▶ _RECORD SET_:
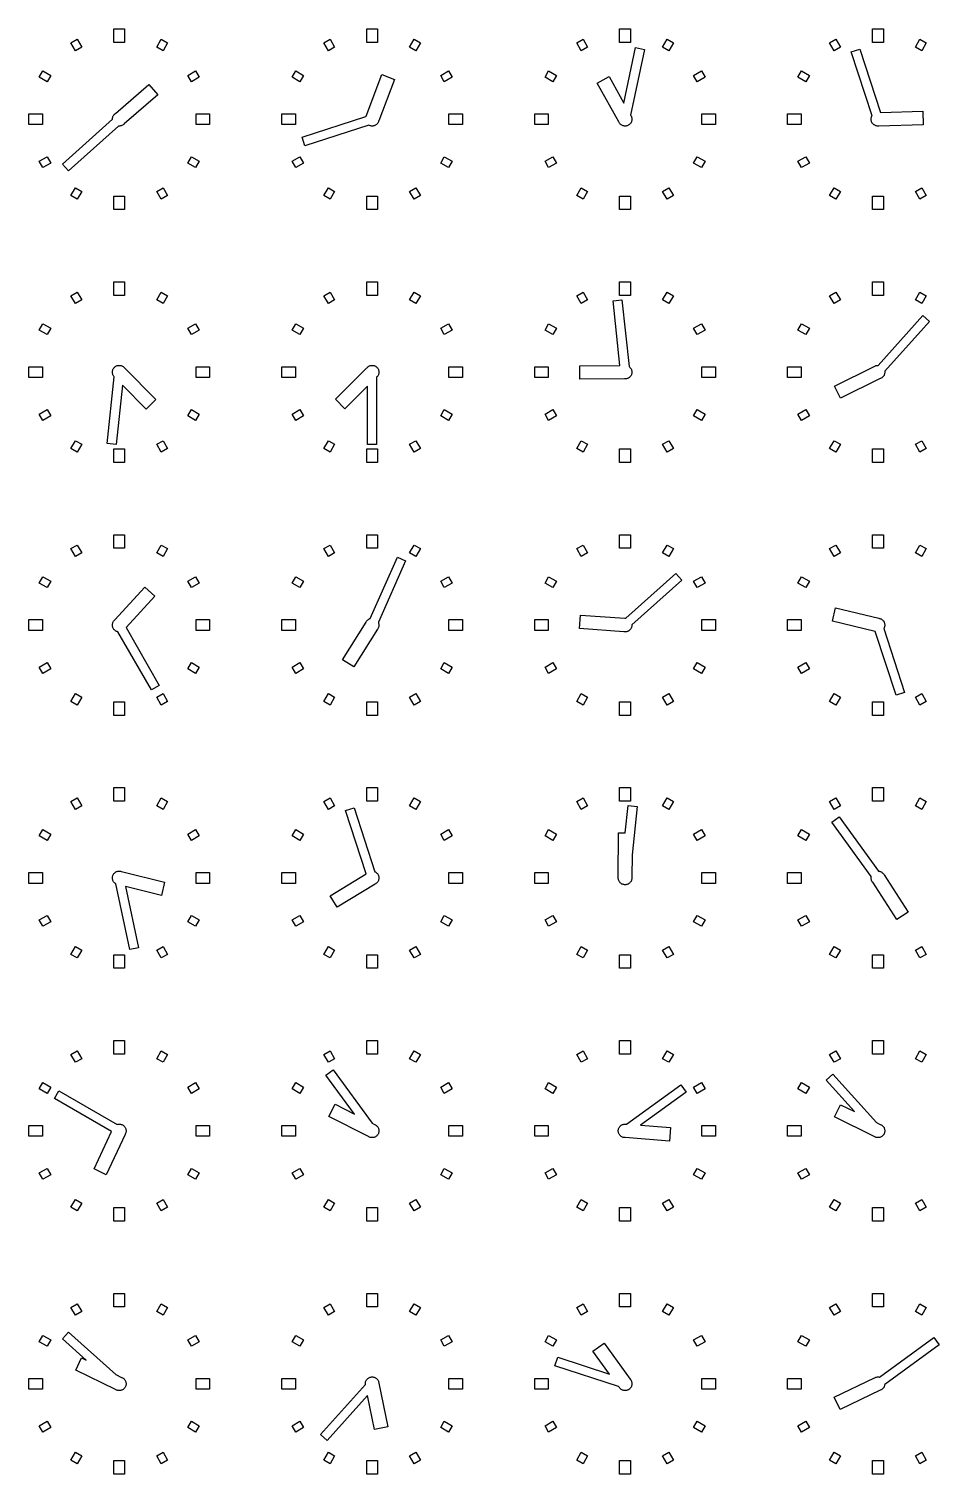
# Model space of a CAD drawing. Header units: millimetres. Extents: x -8 to 856, y -8 to 688.
# Drawn here: x 652 to 752.8, y 344 to 504 of the extents above; entities that cross this region are included whole.
import ezdxf

# ---------------------------------------------------------------- set-up
doc = ezdxf.new("R2010")
doc.units = ezdxf.units.MM

msp = doc.modelspace()

# ---------------------------------------------------------------- linework, layer by layer
for points in [[(662.6, 502.5), (661.4, 502.5), (661.4, 504), (662.6, 504), (662.6, 502.5)], [(690.6, 502.5), (689.4, 502.5), (689.4, 504), (690.6, 504), (690.6, 502.5)], [(718.6, 502.5), (717.4, 502.5), (717.4, 504), (718.6, 504), (718.6, 502.5)], [(746.6, 502.5), (745.4, 502.5), (745.4, 504), (746.6, 504), (746.6, 502.5)], [(657.85, 501.99), (657.15, 501.59), (656.65, 502.46), (657.35, 502.86), (657.85, 501.99)], [(666.85, 501.59), (666.15, 501.99), (666.65, 502.86), (667.35, 502.46), (666.85, 501.59)], [(685.85, 501.99), (685.15, 501.59), (684.65, 502.46), (685.35, 502.86), (685.85, 501.99)], [(694.85, 501.59), (694.15, 501.99), (694.65, 502.86), (695.35, 502.46), (694.85, 501.59)], [(713.85, 501.99), (713.15, 501.59), (712.65, 502.46), (713.35, 502.86), (713.85, 501.99)], [(722.85, 501.59), (722.15, 501.99), (722.65, 502.86), (723.35, 502.46), (722.85, 501.59)], [(741.85, 501.99), (741.15, 501.59), (740.65, 502.46), (741.35, 502.86), (741.85, 501.99)], [(750.85, 501.59), (750.15, 501.99), (750.65, 502.86), (751.35, 502.46), (750.85, 501.59)], [(718.7, 493.71), (718.67, 493.64), (718.63, 493.58), (718.58, 493.52), (718.53, 493.47), (718.48, 493.42), (718.42, 493.37), (718.36, 493.33), (718.29, 493.3), (718.22, 493.28), (718.15, 493.26), (718.07, 493.25), (718, 493.25), (717.93, 493.25), (717.85, 493.26), (717.78, 493.28), (717.71, 493.3), (717.64, 493.33), (717.58, 493.37), (717.52, 493.42), (717.47, 493.47), (717.42, 493.52), (717.37, 493.58), (717.33, 493.64), (717.3, 493.71), (717.3, 493.71), (714.92, 498.01), (716.23, 498.74), (717.87, 495.78), (719.17, 501.93), (720.15, 501.72), (718.61, 494.45), (718.62, 494.43), (718.63, 494.42), (718.67, 494.36), (718.7, 494.29), (718.72, 494.22), (718.74, 494.15), (718.75, 494.07), (718.75, 494), (718.75, 493.93), (718.74, 493.85), (718.72, 493.78), (718.7, 493.71)], [(746.07, 493.25), (746, 493.25), (745.93, 493.25), (745.85, 493.26), (745.78, 493.28), (745.71, 493.3), (745.64, 493.33), (745.58, 493.37), (745.52, 493.42), (745.47, 493.47), (745.42, 493.52), (745.37, 493.58), (745.33, 493.64), (745.3, 493.71), (745.28, 493.78), (745.26, 493.85), (745.25, 493.93), (745.25, 494), (745.25, 494.07), (745.26, 494.15), (745.28, 494.22), (745.3, 494.29), (745.33, 494.36), (745.35, 494.38), (743.05, 501.45), (744, 501.76), (746.28, 494.76), (750.98, 494.88), (751.02, 493.38), (746.1, 493.25), (746.07, 493.25)], [(654.41, 498.85), (654.01, 498.15), (653.14, 498.65), (653.54, 499.35), (654.41, 498.85)], [(669.99, 498.15), (669.59, 498.85), (670.46, 499.35), (670.86, 498.65), (669.99, 498.15)], [(682.41, 498.85), (682.01, 498.15), (681.14, 498.65), (681.54, 499.35), (682.41, 498.85)], [(697.99, 498.15), (697.59, 498.85), (698.46, 499.35), (698.86, 498.65), (697.99, 498.15)], [(710.41, 498.85), (710.01, 498.15), (709.14, 498.65), (709.54, 499.35), (710.41, 498.85)], [(725.99, 498.15), (725.59, 498.85), (726.46, 499.35), (726.86, 498.65), (725.99, 498.15)], [(738.41, 498.85), (738.01, 498.15), (737.14, 498.65), (737.54, 499.35), (738.41, 498.85)], [(661.25, 493.99), (661.25, 494), (661.25, 494.07), (661.26, 494.15), (661.28, 494.22), (661.3, 494.29), (661.33, 494.36), (661.37, 494.42), (661.42, 494.48), (661.47, 494.53), (661.52, 494.58), (661.57, 494.62), (665.28, 497.85), (666.27, 496.71), (662.55, 493.49), (662.53, 493.47), (662.48, 493.42), (662.42, 493.37), (662.36, 493.33), (662.29, 493.3), (662.22, 493.28), (662.15, 493.26), (662.07, 493.25), (662, 493.25), (661.93, 493.25), (661.91, 493.25), (656.39, 488.28), (655.72, 489.02), (661.25, 493.99)], [(689.31, 494.3), (689.33, 494.35), (691.09, 498.94), (692.49, 498.4), (690.73, 493.81), (690.72, 493.78), (690.7, 493.71), (690.67, 493.64), (690.63, 493.58), (690.58, 493.52), (690.53, 493.47), (690.48, 493.42), (690.42, 493.37), (690.36, 493.33), (690.29, 493.3), (690.22, 493.28), (690.15, 493.26), (690.07, 493.25), (690, 493.25), (689.93, 493.25), (689.85, 493.26), (689.78, 493.28), (689.71, 493.3), (689.64, 493.33), (689.62, 493.35), (682.55, 491.05), (682.24, 492), (689.31, 494.3)], [(653.5, 494.6), (653.5, 493.4), (652, 493.4), (652, 494.6), (653.5, 494.6)], [(670.5, 493.4), (670.5, 494.6), (672, 494.6), (672, 493.4), (670.5, 493.4)], [(681.5, 494.6), (681.5, 493.4), (680, 493.4), (680, 494.6), (681.5, 494.6)], [(698.5, 493.4), (698.5, 494.6), (700, 494.6), (700, 493.4), (698.5, 493.4)], [(709.5, 494.6), (709.5, 493.4), (708, 493.4), (708, 494.6), (709.5, 494.6)], [(726.5, 493.4), (726.5, 494.6), (728, 494.6), (728, 493.4), (726.5, 493.4)], [(737.5, 494.6), (737.5, 493.4), (736, 493.4), (736, 494.6), (737.5, 494.6)], [(654.01, 489.85), (654.41, 489.15), (653.54, 488.65), (653.14, 489.35), (654.01, 489.85)], [(669.59, 489.15), (669.99, 489.85), (670.86, 489.35), (670.46, 488.65), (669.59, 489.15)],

▶ _PROBLEM TO WORK ON_:
There is a run of lines above from the one with "doc.units = ezdxf.units.MM" to the one with "layer by layer"; print exactly that run, both ends included, and nothing else.

▶ _ANSWER BOX_:
doc.units = ezdxf.units.MM

msp = doc.modelspace()

# ---------------------------------------------------------------- linework, layer by layer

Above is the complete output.